L'attaque s'est produite au moment où le chef des Nations unies, qui effectuait mercredi et jeudi son premier déplacement en Ukraine depuis le début de l'invasion russe le 24 février, se trouvait à Kyiv.

M. Zelensky, a regretté dans une adresse vidéo vendredi soir, "qu'une humiliation aussi brutale et délibérée des Nations Unies soit restée sans réponse".

Washington a de son côté accusé vendredi le président Vladimir Poutine de "dépravation" et de "cruauté" pour la façon dont les forces russes se comportent en Ukraine. "Il est difficile de regarder certaines images et d'imaginer qu'un dirigeant sérieux puisse faire ça", a déclaré le porte-parole du pentagone John Kirby.

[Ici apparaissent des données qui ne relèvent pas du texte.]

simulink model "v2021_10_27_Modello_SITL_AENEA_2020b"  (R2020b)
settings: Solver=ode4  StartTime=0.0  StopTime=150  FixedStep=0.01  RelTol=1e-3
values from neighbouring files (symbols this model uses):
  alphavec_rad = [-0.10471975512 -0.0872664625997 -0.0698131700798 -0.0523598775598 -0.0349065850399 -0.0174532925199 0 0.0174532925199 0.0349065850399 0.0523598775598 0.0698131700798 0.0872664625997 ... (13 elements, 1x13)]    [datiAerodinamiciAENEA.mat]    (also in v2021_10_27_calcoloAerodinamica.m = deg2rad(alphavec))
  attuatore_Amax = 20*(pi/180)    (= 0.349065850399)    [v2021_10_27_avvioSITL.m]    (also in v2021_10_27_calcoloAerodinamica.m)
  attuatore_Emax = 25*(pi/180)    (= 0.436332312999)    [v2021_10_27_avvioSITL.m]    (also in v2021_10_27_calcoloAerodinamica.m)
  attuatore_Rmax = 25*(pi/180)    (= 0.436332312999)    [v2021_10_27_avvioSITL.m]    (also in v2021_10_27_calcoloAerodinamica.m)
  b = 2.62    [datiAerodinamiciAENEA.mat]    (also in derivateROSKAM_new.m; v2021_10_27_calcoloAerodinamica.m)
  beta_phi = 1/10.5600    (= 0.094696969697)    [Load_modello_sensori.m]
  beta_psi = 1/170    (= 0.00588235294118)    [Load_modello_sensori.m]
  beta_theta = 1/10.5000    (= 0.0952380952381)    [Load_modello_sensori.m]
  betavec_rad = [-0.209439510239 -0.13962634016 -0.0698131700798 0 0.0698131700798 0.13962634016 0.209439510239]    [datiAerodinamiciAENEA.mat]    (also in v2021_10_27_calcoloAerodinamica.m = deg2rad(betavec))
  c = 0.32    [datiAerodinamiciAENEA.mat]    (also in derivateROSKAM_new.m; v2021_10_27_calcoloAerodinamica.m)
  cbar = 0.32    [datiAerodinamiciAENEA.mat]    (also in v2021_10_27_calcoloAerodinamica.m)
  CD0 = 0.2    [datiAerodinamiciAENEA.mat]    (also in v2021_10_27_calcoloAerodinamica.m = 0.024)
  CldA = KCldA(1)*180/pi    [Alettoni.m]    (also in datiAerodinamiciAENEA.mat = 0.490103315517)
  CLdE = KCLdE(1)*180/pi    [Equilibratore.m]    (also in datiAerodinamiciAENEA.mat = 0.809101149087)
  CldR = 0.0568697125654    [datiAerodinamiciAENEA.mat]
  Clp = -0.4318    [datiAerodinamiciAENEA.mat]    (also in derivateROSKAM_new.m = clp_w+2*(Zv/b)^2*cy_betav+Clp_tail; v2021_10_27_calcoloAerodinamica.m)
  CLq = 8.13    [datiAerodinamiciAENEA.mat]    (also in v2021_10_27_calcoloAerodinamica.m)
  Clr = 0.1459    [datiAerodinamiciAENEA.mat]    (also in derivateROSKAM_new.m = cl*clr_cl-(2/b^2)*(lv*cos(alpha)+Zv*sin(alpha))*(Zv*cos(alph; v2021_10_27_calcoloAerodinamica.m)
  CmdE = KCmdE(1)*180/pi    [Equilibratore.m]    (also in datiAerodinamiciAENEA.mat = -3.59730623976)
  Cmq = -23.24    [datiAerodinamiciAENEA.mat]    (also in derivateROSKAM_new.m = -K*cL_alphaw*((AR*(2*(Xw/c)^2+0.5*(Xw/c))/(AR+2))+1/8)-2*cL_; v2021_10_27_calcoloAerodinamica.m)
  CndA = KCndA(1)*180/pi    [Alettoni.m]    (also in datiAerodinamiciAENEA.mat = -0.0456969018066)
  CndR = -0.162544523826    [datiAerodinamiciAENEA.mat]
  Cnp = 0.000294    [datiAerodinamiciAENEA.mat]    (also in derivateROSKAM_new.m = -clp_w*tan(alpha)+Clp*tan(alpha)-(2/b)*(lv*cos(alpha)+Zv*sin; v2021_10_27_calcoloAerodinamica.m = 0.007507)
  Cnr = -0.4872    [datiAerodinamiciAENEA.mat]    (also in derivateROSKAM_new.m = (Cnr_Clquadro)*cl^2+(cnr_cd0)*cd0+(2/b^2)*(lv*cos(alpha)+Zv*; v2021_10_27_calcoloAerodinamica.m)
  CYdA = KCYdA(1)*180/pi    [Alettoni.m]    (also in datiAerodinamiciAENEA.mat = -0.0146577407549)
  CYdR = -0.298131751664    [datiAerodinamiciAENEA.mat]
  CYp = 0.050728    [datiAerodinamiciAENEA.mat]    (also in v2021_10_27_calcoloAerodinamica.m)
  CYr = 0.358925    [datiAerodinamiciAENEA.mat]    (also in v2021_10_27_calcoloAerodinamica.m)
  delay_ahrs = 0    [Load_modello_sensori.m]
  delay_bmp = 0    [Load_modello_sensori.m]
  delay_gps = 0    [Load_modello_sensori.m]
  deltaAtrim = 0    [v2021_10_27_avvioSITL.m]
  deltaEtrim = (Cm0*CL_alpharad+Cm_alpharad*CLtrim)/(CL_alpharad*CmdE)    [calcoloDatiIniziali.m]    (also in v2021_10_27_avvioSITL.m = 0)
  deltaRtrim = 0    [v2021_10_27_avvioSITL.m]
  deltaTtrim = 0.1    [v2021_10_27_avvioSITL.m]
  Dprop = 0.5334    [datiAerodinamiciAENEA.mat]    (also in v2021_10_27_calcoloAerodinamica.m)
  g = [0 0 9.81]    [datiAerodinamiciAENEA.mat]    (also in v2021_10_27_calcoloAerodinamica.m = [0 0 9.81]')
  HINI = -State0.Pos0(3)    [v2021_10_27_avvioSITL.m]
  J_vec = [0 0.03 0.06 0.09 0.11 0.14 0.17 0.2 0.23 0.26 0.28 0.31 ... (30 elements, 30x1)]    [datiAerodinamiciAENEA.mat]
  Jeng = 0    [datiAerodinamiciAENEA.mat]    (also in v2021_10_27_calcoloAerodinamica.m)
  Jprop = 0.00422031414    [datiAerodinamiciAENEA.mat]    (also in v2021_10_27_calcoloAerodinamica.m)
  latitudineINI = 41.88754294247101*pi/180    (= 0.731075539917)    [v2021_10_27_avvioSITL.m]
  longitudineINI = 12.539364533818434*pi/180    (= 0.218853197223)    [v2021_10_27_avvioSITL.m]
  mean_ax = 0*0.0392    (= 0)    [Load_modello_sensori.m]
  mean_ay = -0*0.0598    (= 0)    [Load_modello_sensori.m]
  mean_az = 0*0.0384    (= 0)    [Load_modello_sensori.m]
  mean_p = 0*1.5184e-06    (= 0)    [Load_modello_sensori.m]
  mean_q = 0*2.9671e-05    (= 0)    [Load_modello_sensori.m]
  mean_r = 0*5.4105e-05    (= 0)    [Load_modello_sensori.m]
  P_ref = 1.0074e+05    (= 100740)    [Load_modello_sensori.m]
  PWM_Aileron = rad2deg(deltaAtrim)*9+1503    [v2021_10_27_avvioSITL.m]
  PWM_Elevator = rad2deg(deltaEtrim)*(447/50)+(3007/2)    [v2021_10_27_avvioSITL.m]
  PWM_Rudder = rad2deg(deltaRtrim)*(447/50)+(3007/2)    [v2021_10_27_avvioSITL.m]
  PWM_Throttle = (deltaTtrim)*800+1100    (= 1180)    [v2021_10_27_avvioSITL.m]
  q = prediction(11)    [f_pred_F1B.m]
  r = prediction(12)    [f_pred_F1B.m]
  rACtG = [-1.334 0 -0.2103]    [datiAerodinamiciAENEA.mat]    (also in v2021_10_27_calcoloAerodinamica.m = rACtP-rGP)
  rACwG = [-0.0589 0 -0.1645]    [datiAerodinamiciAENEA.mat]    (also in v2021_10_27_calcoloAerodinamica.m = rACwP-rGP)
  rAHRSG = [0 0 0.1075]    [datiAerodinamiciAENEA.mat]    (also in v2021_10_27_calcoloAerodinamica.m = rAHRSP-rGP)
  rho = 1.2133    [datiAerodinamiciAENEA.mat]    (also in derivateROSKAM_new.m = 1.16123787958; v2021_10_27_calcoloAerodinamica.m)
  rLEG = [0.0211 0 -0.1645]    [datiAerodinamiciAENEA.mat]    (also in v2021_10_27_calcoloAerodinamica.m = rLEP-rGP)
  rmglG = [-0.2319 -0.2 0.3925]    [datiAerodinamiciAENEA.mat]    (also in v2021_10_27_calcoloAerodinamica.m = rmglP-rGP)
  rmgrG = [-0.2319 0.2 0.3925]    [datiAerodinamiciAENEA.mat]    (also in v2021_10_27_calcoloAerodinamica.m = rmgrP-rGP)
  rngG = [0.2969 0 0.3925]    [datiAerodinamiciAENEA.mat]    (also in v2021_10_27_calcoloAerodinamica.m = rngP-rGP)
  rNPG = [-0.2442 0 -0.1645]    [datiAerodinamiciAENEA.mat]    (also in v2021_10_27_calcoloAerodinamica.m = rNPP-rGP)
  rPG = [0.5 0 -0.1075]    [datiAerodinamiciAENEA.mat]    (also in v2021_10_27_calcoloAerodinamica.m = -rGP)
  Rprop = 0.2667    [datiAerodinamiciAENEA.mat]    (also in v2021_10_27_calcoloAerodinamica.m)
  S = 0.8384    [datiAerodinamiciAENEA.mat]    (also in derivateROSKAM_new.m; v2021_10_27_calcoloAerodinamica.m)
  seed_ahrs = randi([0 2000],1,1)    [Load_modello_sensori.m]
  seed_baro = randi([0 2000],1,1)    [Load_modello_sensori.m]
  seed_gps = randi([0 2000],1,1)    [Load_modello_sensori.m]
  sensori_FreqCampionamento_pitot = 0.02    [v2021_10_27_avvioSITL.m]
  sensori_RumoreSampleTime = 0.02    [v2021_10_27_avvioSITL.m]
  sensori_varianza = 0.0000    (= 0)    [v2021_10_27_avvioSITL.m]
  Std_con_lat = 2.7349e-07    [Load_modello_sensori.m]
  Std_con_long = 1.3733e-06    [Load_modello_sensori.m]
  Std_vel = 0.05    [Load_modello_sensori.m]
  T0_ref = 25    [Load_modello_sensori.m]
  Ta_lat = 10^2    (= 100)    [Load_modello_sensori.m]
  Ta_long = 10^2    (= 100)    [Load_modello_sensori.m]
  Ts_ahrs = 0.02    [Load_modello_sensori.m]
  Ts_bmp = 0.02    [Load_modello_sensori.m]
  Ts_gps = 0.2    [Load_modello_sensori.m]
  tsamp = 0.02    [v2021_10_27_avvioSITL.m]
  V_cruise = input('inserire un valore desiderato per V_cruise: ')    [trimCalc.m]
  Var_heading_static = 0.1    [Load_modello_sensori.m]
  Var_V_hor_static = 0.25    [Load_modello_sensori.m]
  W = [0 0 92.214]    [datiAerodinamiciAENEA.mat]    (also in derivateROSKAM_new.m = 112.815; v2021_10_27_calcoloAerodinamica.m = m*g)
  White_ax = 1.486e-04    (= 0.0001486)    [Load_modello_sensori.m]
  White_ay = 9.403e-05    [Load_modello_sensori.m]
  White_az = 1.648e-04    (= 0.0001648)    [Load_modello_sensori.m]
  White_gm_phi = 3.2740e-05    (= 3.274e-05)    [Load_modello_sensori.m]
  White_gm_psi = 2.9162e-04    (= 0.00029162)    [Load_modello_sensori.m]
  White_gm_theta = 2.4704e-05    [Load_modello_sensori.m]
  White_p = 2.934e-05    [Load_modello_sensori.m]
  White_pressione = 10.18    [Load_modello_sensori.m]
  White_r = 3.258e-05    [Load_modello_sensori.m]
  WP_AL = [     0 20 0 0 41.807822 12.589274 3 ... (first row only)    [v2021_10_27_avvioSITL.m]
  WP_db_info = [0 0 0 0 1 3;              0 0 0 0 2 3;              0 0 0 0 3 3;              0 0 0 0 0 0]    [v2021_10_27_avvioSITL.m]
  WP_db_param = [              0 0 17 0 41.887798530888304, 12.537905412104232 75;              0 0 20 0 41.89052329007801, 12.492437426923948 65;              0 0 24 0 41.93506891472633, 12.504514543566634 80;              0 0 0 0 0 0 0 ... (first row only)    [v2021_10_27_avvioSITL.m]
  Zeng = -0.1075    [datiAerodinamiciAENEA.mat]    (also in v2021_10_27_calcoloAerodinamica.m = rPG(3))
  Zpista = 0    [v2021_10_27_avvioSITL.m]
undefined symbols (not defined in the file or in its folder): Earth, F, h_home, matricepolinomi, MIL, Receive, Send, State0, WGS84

Les civils pris dans "l'apocalypse"

A Marioupol, ville portuaire dans le sud de l'ukraine, une opération d'évacuation était prévue vendredi. La coordinatrice des Nations unies en Ukraine, Osnat Lubrani, avait dit jeudi partir dans le sud préparer cette nouvelle tentative d'évacuation, M. Guterres assurant que l'ONU faisait "tout son possible" pour en extraire les civils pris dans "l'apocalypse".

Plusieurs centaines de militaires et de civils ukrainiens sont retranchés dans des galeries souterraines datant de l'époque soviétique dans l'immense complexe métallurgique d'Azovstal.

L'AFP a pu entendre vendredi matin et jusqu'au milieu de l'après-midi des bombardements nourris à Azovstal, lors d'un voyage de presse organisé à Marioupol par l'armée russe.

En début d'après-midi, les explosions n'étaient espacées que de quelques secondes, certaines paraissant particulièrement puissantes. Des colonnes de fumée grise s'élevaient parfois dans le ciel de la zone industrielle.

Sur le front diplomatique, alors que le président russe a été invité comme son homologue ukrainien au sommet du G20 prévu en novembre en Indonésie, les Etats-Unis ont dit refuser de traiter avec Vladimir Poutine "comme si de rien n'était".

La Norvège va quant à elle emboîter le pas à l'Union européenne, dont elle n'est pas membre, en fermant à son tour ses ports aux bateaux russes, à l'exception des chalutiers. Un premier navire chargé de maïs en provenance d'Ukraine a quitté vendredi le port roumain de Constanta, sur la mer Noire, marquant la reprise des exportations de céréales par ce pays.